Gideon melambaikan tangan dan berjalan meninggalkan Anastasia yang masih duduk di kursi. Beberapa menit kemudian, Anastasia juga merasa sudah waktunya untuk kembali ke panti. Dia berdiri dari kursi dan membawa Wolfy pulang. Selama di perjalanan pulang, pikirannya terus membayangkan ucapan Gideon dan perubahan warma mata miliknya.
Hmm… Gideon. Aku merasa ada yang aneh darinya. Akan tetapi, entahlah sulit untuk mengatakannya.
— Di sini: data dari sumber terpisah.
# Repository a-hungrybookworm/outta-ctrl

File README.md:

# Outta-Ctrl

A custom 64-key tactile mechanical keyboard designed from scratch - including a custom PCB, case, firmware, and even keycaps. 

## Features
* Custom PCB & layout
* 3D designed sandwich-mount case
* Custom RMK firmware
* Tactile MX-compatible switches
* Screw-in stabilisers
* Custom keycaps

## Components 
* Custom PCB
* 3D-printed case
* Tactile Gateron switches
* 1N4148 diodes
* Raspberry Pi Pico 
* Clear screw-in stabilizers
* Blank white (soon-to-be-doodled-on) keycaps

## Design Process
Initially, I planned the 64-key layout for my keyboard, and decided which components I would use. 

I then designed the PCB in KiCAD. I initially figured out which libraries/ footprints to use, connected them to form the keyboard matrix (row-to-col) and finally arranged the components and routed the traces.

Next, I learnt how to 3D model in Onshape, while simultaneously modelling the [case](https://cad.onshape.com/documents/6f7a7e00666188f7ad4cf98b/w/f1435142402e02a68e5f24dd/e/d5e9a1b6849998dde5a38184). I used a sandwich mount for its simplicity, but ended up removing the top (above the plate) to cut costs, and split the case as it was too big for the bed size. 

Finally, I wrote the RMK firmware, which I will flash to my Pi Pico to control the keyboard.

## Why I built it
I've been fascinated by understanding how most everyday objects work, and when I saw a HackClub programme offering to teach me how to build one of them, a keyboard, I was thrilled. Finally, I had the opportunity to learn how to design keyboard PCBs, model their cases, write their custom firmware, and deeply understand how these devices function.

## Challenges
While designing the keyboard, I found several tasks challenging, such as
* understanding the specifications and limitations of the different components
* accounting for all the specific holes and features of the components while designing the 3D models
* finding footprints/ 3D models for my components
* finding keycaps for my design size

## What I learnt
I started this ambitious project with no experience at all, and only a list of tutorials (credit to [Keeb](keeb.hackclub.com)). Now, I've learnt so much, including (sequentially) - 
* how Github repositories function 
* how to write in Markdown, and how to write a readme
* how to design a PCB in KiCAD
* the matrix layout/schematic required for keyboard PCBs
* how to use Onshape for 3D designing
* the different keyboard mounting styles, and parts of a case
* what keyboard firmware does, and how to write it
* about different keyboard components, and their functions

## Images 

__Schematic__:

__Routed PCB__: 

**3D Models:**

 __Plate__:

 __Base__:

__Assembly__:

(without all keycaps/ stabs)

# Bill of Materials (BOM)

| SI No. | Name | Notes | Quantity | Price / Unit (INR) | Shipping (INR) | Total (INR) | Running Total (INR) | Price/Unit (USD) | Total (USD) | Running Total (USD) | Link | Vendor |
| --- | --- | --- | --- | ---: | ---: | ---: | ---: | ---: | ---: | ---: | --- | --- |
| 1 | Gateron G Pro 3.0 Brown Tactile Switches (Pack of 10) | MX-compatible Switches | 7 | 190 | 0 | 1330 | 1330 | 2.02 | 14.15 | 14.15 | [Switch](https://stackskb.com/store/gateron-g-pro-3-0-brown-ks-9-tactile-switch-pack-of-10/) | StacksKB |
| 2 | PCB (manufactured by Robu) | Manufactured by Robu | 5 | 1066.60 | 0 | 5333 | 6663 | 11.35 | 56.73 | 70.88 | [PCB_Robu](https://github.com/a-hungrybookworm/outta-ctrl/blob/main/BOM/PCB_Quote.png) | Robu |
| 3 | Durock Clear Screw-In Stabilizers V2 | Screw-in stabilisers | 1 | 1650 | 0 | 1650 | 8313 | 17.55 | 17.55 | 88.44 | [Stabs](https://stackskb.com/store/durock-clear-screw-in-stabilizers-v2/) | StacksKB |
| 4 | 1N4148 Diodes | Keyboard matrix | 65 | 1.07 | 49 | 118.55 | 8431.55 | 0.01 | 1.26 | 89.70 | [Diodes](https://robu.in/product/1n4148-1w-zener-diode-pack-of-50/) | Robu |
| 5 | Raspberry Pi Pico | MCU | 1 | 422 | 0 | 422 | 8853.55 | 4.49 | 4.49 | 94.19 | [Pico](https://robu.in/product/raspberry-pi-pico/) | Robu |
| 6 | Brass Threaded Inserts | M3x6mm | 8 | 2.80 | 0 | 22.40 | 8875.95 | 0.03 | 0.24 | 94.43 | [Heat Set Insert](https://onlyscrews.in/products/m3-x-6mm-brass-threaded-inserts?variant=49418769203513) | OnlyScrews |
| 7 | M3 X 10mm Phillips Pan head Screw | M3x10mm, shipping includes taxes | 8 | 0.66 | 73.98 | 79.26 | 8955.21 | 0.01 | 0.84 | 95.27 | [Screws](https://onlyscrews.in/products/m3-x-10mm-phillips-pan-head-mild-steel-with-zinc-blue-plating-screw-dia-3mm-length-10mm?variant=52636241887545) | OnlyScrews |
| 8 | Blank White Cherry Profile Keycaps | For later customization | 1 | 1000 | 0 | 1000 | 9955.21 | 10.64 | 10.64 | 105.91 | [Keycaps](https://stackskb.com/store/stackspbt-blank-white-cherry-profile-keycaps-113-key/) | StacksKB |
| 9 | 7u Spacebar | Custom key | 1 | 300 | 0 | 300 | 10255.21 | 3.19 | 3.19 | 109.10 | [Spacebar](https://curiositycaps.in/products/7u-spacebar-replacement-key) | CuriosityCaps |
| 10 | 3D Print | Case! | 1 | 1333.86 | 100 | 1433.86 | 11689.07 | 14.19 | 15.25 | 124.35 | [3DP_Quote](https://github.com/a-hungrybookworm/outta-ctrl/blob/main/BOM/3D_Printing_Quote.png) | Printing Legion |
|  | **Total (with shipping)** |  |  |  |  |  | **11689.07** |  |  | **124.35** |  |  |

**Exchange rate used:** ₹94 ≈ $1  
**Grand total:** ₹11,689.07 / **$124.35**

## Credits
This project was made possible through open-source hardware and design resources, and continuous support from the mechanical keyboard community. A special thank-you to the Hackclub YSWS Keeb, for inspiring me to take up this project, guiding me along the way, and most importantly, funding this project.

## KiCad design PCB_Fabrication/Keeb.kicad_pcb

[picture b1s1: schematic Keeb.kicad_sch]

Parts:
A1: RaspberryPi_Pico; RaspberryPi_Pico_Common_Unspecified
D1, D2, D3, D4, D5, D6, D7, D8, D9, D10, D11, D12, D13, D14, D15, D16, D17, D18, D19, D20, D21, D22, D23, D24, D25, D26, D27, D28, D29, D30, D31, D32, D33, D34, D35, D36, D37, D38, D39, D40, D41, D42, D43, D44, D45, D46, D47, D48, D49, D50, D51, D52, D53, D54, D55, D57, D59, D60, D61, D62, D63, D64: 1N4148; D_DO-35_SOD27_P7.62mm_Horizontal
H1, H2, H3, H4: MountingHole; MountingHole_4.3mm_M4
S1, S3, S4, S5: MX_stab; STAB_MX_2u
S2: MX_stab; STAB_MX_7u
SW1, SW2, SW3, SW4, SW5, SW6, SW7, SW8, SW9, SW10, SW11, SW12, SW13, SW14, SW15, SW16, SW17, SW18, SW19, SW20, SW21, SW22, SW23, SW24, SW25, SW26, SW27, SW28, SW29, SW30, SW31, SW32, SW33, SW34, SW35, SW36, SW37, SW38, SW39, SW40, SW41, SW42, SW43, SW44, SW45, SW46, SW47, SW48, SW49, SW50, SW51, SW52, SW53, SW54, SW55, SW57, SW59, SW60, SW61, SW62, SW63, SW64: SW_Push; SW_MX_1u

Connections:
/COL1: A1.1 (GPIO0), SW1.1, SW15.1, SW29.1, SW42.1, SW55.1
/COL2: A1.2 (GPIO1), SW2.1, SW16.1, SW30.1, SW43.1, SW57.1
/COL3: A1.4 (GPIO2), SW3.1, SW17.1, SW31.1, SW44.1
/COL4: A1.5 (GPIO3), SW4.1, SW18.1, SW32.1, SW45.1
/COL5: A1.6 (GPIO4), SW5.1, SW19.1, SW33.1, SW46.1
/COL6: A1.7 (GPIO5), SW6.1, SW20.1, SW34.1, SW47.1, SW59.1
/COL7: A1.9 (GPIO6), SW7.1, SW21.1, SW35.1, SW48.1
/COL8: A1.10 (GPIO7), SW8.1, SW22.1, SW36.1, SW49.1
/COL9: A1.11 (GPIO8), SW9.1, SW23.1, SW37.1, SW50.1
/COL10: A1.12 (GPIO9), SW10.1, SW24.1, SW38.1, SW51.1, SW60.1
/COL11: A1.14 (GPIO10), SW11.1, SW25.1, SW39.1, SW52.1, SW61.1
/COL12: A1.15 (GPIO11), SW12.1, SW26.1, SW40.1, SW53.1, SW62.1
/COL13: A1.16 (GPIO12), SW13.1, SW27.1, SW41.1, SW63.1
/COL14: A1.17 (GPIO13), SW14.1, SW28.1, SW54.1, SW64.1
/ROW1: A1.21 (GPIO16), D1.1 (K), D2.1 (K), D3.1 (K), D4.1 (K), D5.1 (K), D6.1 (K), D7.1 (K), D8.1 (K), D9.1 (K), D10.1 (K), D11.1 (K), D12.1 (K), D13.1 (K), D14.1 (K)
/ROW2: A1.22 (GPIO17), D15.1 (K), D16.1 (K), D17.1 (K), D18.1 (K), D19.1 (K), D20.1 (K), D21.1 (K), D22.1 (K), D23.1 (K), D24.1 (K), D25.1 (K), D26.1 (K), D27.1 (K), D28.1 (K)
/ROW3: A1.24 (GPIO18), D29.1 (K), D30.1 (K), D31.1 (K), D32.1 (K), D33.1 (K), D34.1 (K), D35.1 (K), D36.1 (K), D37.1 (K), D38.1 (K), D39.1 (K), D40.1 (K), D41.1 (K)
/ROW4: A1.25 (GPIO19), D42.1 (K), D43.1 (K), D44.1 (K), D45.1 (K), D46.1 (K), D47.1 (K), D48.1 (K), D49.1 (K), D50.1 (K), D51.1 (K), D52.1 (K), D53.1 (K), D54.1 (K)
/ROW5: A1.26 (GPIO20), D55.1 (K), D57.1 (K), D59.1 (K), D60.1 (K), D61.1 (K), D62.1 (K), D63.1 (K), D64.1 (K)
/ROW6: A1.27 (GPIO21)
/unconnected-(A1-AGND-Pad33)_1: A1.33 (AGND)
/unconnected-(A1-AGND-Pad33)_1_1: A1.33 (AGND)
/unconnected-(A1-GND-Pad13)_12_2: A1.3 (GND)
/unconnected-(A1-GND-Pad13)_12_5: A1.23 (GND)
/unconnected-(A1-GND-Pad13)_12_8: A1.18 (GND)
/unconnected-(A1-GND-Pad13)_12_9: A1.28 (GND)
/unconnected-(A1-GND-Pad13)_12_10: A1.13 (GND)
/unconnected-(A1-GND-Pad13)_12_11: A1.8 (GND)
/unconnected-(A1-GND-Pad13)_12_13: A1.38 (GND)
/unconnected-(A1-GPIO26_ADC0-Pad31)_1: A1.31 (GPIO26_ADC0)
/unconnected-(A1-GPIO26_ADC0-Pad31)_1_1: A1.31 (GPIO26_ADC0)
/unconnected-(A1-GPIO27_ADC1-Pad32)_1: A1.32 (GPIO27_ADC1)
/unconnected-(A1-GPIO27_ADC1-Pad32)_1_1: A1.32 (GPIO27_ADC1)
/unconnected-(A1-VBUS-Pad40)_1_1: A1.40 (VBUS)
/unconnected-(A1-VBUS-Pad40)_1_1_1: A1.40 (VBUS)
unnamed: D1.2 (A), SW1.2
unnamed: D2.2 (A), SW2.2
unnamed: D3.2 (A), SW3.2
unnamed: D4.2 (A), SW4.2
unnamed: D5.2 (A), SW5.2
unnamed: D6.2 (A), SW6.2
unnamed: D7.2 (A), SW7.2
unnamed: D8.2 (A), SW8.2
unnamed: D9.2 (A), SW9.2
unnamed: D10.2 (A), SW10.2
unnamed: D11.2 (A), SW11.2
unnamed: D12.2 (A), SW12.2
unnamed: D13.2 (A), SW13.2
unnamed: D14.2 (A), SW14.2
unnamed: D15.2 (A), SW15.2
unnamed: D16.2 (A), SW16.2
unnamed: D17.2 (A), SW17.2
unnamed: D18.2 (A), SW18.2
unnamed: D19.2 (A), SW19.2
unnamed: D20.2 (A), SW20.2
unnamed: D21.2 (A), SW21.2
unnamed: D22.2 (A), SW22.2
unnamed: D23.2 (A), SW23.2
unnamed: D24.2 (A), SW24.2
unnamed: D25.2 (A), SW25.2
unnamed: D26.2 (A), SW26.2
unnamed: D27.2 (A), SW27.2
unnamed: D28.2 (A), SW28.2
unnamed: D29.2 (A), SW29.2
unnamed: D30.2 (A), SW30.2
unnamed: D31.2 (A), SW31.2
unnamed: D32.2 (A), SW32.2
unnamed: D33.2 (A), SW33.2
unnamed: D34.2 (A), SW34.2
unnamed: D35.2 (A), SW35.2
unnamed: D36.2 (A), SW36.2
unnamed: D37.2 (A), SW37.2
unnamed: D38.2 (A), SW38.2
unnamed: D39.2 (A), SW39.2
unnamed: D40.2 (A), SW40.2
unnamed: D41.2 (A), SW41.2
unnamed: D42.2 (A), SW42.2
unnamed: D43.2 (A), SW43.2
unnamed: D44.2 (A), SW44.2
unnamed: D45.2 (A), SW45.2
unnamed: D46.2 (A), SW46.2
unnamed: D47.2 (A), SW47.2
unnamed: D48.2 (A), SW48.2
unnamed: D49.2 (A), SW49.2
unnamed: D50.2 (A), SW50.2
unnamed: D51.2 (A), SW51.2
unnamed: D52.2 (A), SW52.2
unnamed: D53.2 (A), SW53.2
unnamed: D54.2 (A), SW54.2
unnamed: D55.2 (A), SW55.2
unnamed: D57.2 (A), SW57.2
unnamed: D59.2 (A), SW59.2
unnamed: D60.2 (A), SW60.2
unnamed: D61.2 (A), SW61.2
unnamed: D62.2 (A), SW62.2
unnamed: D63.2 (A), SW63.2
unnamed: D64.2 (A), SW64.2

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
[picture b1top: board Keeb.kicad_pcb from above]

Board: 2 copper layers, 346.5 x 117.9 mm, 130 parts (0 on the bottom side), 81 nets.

Untunglah selama di perjalanan Wolfy tidak membuat kekacauan, sehingga Anastasia tidak kewalahan seperti pertama kali. Beberapa lama kemudian, mereka sampai di depan pintu. Sebuah kertas tertempel di pintu masuk panti.
Aneh, siapa yang menempelkan kertas ini?
Anastasia berjalan mendekat dan terlihat sebuah tulisan yang ternyata itu adalah tulisan Madam Theresa. Dia mengatakan bahwa setelah Wolfy bermain dia harus dibersihkan sebelum masuk ke dalam rumah.
"Argh! Wanita tua ini memang selalu membuat tensiku terus naik."
Anastasia mengepalkan tangannya. Dadanya terasa sesak dan kepalanya mulai memanas. Namun, mengingat kondisinya yang sekarang sulit untuk melawan kehendak wanita tua itu.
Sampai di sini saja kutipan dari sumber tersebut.